Hi, I think I found the problem (please see the attachment):

    <meta http-equiv=3D"Content-Type" content=3D"text/html; charset=3Dutf-8=
">

The youtube notification sends the e-mail with a broken line, so webkit gtk 
gets confused about this tag. If I change it to:

    <meta http-equiv=3D"Content-Type" content=3D"text/html; charset=3Dutf-8=">

it works. So is it a bug?
Comment 15 Martin Robinson 2012-11-05 08:51:17 PST
(In reply to comment #14)
> Created an attachment (id=172232) [details]
> Sample youtube notification
> 
> Hi, I think I found the problem (please see the attachment):
> 
>     <meta http-equiv=3D"Content-Type" content=3D"text/html; charset=3Dutf-8=
> ">
> 
> The youtube notification sends the e-mail with a broken line, so webkit gtk 
> gets confused about this tag. If I change it to:
> 
>     <meta http-equiv=3D"Content-Type" content=3D"text/html; charset=3Dutf-8=">
> 
> it works. So is it a bug?

Great find. I'm not sure if with the newline this should be interpreted correctly. You'd probably need to check the HTML5 spec to see what should happen in this case.  Most likely though is that claws is adding the newline though and corrupting the HTML.
Comment 16 Martin Robinson 2012-12-11 02:26:08 PST
I find it very suspicious that the line length is around 80 characters. I'm going to close this bug since it looks like a but in claws.
Comment 17 Dâniel Fraga 2012-12-11 08:08:48 PST
(In reply to comment #16)
> I find it very suspicious that the line length is around 80 characters. I'm going to close this bug since it looks like a but in claws.

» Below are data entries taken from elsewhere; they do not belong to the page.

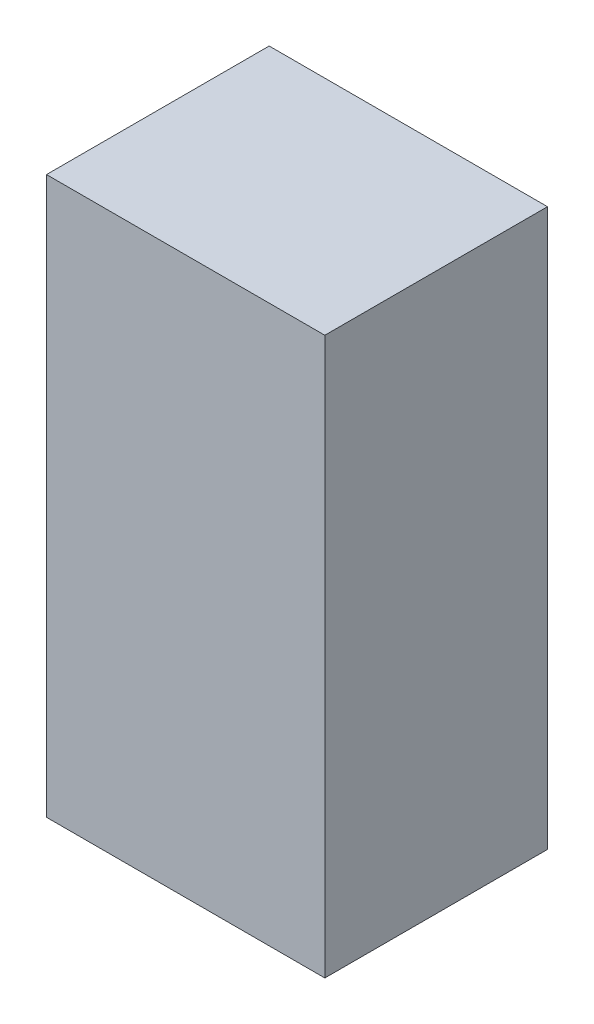
ISO-10303-21;
HEADER;
FILE_DESCRIPTION(('STEP AP214'),'2;1');
FILE_NAME('part.step','',(''),(''),'','','');
FILE_SCHEMA(('AUTOMOTIVE_DESIGN { 1 0 10303 214 1 1 1 1 }'));
ENDSEC;
DATA;
#1=APPLICATION_CONTEXT('core data for automotive mechanical design processes');
#2=APPLICATION_PROTOCOL_DEFINITION('international standard','automotive_design',2000,#1);
#3=PRODUCT_CONTEXT('',#1,'mechanical');
#4=PRODUCT('Part','Part','',(#3));
#5=PRODUCT_RELATED_PRODUCT_CATEGORY('part','',(#4));
#6=PRODUCT_DEFINITION_FORMATION('','',#4);
#7=PRODUCT_DEFINITION_CONTEXT('part definition',#1,'design');
#8=PRODUCT_DEFINITION('design','',#6,#7);
#9=PRODUCT_DEFINITION_SHAPE('','',#8);
#10=(LENGTH_UNIT() NAMED_UNIT(*) SI_UNIT(.MILLI.,.METRE.));
#11=(NAMED_UNIT(*) PLANE_ANGLE_UNIT() SI_UNIT($,.RADIAN.));
#12=(NAMED_UNIT(*) SI_UNIT($,.STERADIAN.) SOLID_ANGLE_UNIT());
#13=UNCERTAINTY_MEASURE_WITH_UNIT(LENGTH_MEASURE(1.E-05),#10,'distance_accuracy_value','');
#14=(GEOMETRIC_REPRESENTATION_CONTEXT(3) GLOBAL_UNCERTAINTY_ASSIGNED_CONTEXT((#13)) GLOBAL_UNIT_ASSIGNED_CONTEXT((#10,
#11,#12)) REPRESENTATION_CONTEXT('',''));
#15=CARTESIAN_POINT('',(0.,0.,0.));
#16=DIRECTION('',(0.,0.,1.));
#17=DIRECTION('',(1.,0.,0.));
#18=AXIS2_PLACEMENT_3D('',#15,#16,#17);
#19=CARTESIAN_POINT('',(25.,100.,-20.));
#20=DIRECTION('',(-1.,0.,0.));
#21=DIRECTION('',(0.,0.,1.));
#22=AXIS2_PLACEMENT_3D('',#19,#20,#21);
#23=PLANE('',#22);
#24=DIRECTION('',(0.,0.,-1.));
#25=VECTOR('',#24,1.);
#26=CARTESIAN_POINT('',(25.,0.,-20.));
#27=LINE('',#26,#25);
#28=CARTESIAN_POINT('',(25.,0.,20.));
#29=VERTEX_POINT('',#28);
#30=CARTESIAN_POINT('',(25.,0.,-20.));
#31=VERTEX_POINT('',#30);
#32=EDGE_CURVE('E99',#29,#31,#27,.T.);
#33=ORIENTED_EDGE('',*,*,#32,.T.);
#34=DIRECTION('',(0.,-1.,0.));
#35=VECTOR('',#34,1.);
#36=CARTESIAN_POINT('',(25.,100.,-20.));
#37=LINE('',#36,#35);
#38=CARTESIAN_POINT('',(25.,100.,-20.));
#39=VERTEX_POINT('',#38);
#40=EDGE_CURVE('E11',#39,#31,#37,.T.);
#41=ORIENTED_EDGE('',*,*,#40,.F.);
#42=DIRECTION('',(0.,0.,-1.));
#43=VECTOR('',#42,1.);
#44=CARTESIAN_POINT('',(25.,100.,-20.));
#45=LINE('',#44,#43);
#46=CARTESIAN_POINT('',(25.,100.,20.));
#47=VERTEX_POINT('',#46);
#48=EDGE_CURVE('E87',#47,#39,#45,.T.);
#49=ORIENTED_EDGE('',*,*,#48,.F.);
#50=DIRECTION('',(0.,-1.,0.));
#51=VECTOR('',#50,1.);
#52=CARTESIAN_POINT('',(25.,100.,20.));
#53=LINE('',#52,#51);
#54=EDGE_CURVE('E95',#47,#29,#53,.T.);
#55=ORIENTED_EDGE('',*,*,#54,.T.);
#56=EDGE_LOOP('',(#33,#41,#49,#55));
#57=FACE_BOUND('',#56,.T.);
#58=ADVANCED_FACE('F36',(#57),#23,.F.);
#59=CARTESIAN_POINT('',(-25.,100.,-20.));
#60=DIRECTION('',(0.,0.,1.));
#61=DIRECTION('',(1.,0.,0.));
#62=AXIS2_PLACEMENT_3D('',#59,#60,#61);
#63=PLANE('',#62);
#64=DIRECTION('',(-1.,0.,0.));
#65=VECTOR('',#64,1.);
#66=CARTESIAN_POINT('',(-25.,0.,-20.));
#67=LINE('',#66,#65);
#68=CARTESIAN_POINT('',(-25.,0.,-20.));
#69=VERTEX_POINT('',#68);
#70=EDGE_CURVE('E91',#31,#69,#67,.T.);
#71=ORIENTED_EDGE('',*,*,#70,.T.);
#72=DIRECTION('',(0.,-1.,0.));
#73=VECTOR('',#72,1.);
#74=CARTESIAN_POINT('',(-25.,100.,-20.));
#75=LINE('',#74,#73);
#76=CARTESIAN_POINT('',(-25.,100.,-20.));
#77=VERTEX_POINT('',#76);
#78=EDGE_CURVE('E44',#77,#69,#75,.T.);
#79=ORIENTED_EDGE('',*,*,#78,.F.);
#80=DIRECTION('',(-1.,0.,0.));
#81=VECTOR('',#80,1.);
#82=CARTESIAN_POINT('',(-25.,100.,-20.));
#83=LINE('',#82,#81);
#84=EDGE_CURVE('E82',#39,#77,#83,.T.);
#85=ORIENTED_EDGE('',*,*,#84,.F.);
#86=ORIENTED_EDGE('',*,*,#40,.T.);
#87=EDGE_LOOP('',(#71,#79,#85,#86));
#88=FACE_BOUND('',#87,.T.);
#89=ADVANCED_FACE('F90',(#88),#63,.F.);
#90=CARTESIAN_POINT('',(-25.,100.,-20.));
#91=DIRECTION('',(1.,0.,0.));
#92=DIRECTION('',(0.,0.,-1.));
#93=AXIS2_PLACEMENT_3D('',#90,#91,#92);
#94=PLANE('',#93);
#95=DIRECTION('',(0.,0.,1.));
#96=VECTOR('',#95,1.);
#97=CARTESIAN_POINT('',(-25.,0.,-20.));
#98=LINE('',#97,#96);
#99=CARTESIAN_POINT('',(-25.,0.,20.));
#100=VERTEX_POINT('',#99);
#101=EDGE_CURVE('E69',#69,#100,#98,.T.);
#102=ORIENTED_EDGE('',*,*,#101,.T.);
#103=DIRECTION('',(0.,-1.,0.));
#104=VECTOR('',#103,1.);
#105=CARTESIAN_POINT('',(-25.,100.,20.));
#106=LINE('',#105,#104);
#107=CARTESIAN_POINT('',(-25.,100.,20.));
#108=VERTEX_POINT('',#107);
#109=EDGE_CURVE('E92',#108,#100,#106,.T.);
#110=ORIENTED_EDGE('',*,*,#109,.F.);
#111=DIRECTION('',(0.,0.,1.));
#112=VECTOR('',#111,1.);
#113=CARTESIAN_POINT('',(-25.,100.,-20.));
#114=LINE('',#113,#112);
#115=EDGE_CURVE('E85',#77,#108,#114,.T.);
#116=ORIENTED_EDGE('',*,*,#115,.F.);
#117=ORIENTED_EDGE('',*,*,#78,.T.);
#118=EDGE_LOOP('',(#102,#110,#116,#117));
#119=FACE_BOUND('',#118,.T.);
#120=ADVANCED_FACE('F93',(#119),#94,.F.);
#121=CARTESIAN_POINT('',(-25.,100.,20.));
#122=DIRECTION('',(0.,0.,-1.));
#123=DIRECTION('',(-1.,0.,0.));
#124=AXIS2_PLACEMENT_3D('',#121,#122,#123);
#125=PLANE('',#124);
#126=DIRECTION('',(1.,0.,0.));
#127=VECTOR('',#126,1.);
#128=CARTESIAN_POINT('',(-25.,0.,20.));
#129=LINE('',#128,#127);
#130=EDGE_CURVE('E75',#100,#29,#129,.T.);
#131=ORIENTED_EDGE('',*,*,#130,.T.);
#132=ORIENTED_EDGE('',*,*,#54,.F.);
#133=DIRECTION('',(1.,0.,0.));
#134=VECTOR('',#133,1.);
#135=CARTESIAN_POINT('',(-25.,100.,20.));
#136=LINE('',#135,#134);
#137=EDGE_CURVE('E52',#108,#47,#136,.T.);
#138=ORIENTED_EDGE('',*,*,#137,.F.);
#139=ORIENTED_EDGE('',*,*,#109,.T.);
#140=EDGE_LOOP('',(#131,#132,#138,#139));
#141=FACE_BOUND('',#140,.T.);
#142=ADVANCED_FACE('F106',(#141),#125,.F.);
#143=CARTESIAN_POINT('',(0.,100.,0.));
#144=DIRECTION('',(0.,1.,0.));
#145=DIRECTION('',(0.,0.,1.));
#146=AXIS2_PLACEMENT_3D('',#143,#144,#145);
#147=PLANE('',#146);
#148=ORIENTED_EDGE('',*,*,#48,.T.);
#149=ORIENTED_EDGE('',*,*,#84,.T.);
#150=ORIENTED_EDGE('',*,*,#115,.T.);
#151=ORIENTED_EDGE('',*,*,#137,.T.);
#152=EDGE_LOOP('',(#148,#149,#150,#151));
#153=FACE_BOUND('',#152,.T.);
#154=ADVANCED_FACE('F83',(#153),#147,.T.);
#155=CARTESIAN_POINT('',(0.,0.,0.));
#156=DIRECTION('',(0.,1.,0.));
#157=DIRECTION('',(0.,0.,1.));
#158=AXIS2_PLACEMENT_3D('',#155,#156,#157);
#159=PLANE('',#158);
#160=ORIENTED_EDGE('',*,*,#32,.F.);
#161=ORIENTED_EDGE('',*,*,#130,.F.);
#162=ORIENTED_EDGE('',*,*,#101,.F.);
#163=ORIENTED_EDGE('',*,*,#70,.F.);
#164=EDGE_LOOP('',(#160,#161,#162,#163));
#165=FACE_BOUND('',#164,.T.);
#166=ADVANCED_FACE('F109',(#165),#159,.F.);
#167=CLOSED_SHELL('',(#58,#89,#120,#142,#154,#166));
#168=MANIFOLD_SOLID_BREP('B2',#167);
#169=ADVANCED_BREP_SHAPE_REPRESENTATION('',(#18,#168),#14);
#170=SHAPE_DEFINITION_REPRESENTATION(#9,#169);
ENDSEC;
END-ISO-10303-21;

But it happens in Midori too :(

Claws developers wrote that it is a bug in Youtube... I'll try again to contact youtube (so difficult).

Thank you!
Comment 18 Martin Robinson 2012-12-11 08:37:07 PST
Did you save the output of the email and then load it in Midori? Are you sure that claws isn't line-wrapping the content before you load it in Midori?
Comment 19 Dâniel Fraga 2012-12-11 08:48:31 PST
(In reply to comment #18)
> Did you save the output of the email and then load it in Midori? Are you sure that claws isn't line-wrapping the content before you load it in Midori?

Hi Martin. Yes, I'm sure. You can confirm it here:

http://www.thewildbeast.co.uk/claws-mail/bugzilla/show_bug.cgi?id=2768

The developer wrote that it is a youtube bug... maybe? Here it's what he wrote:

**********************************

If I change
the head line to:

<meta http-equiv=3D"Content-Type" content=3D"text/html; charset=3Diso-8859-1=
">

It renders perfectly, as the HTML is in fact ISO, not UTF-8.

Sorry, but I'm afraid this is a Youtube generator bug.

*********************************

So I'm afraid it is a youtube bug. Anyway, thanks, let's hope youtube can fix it.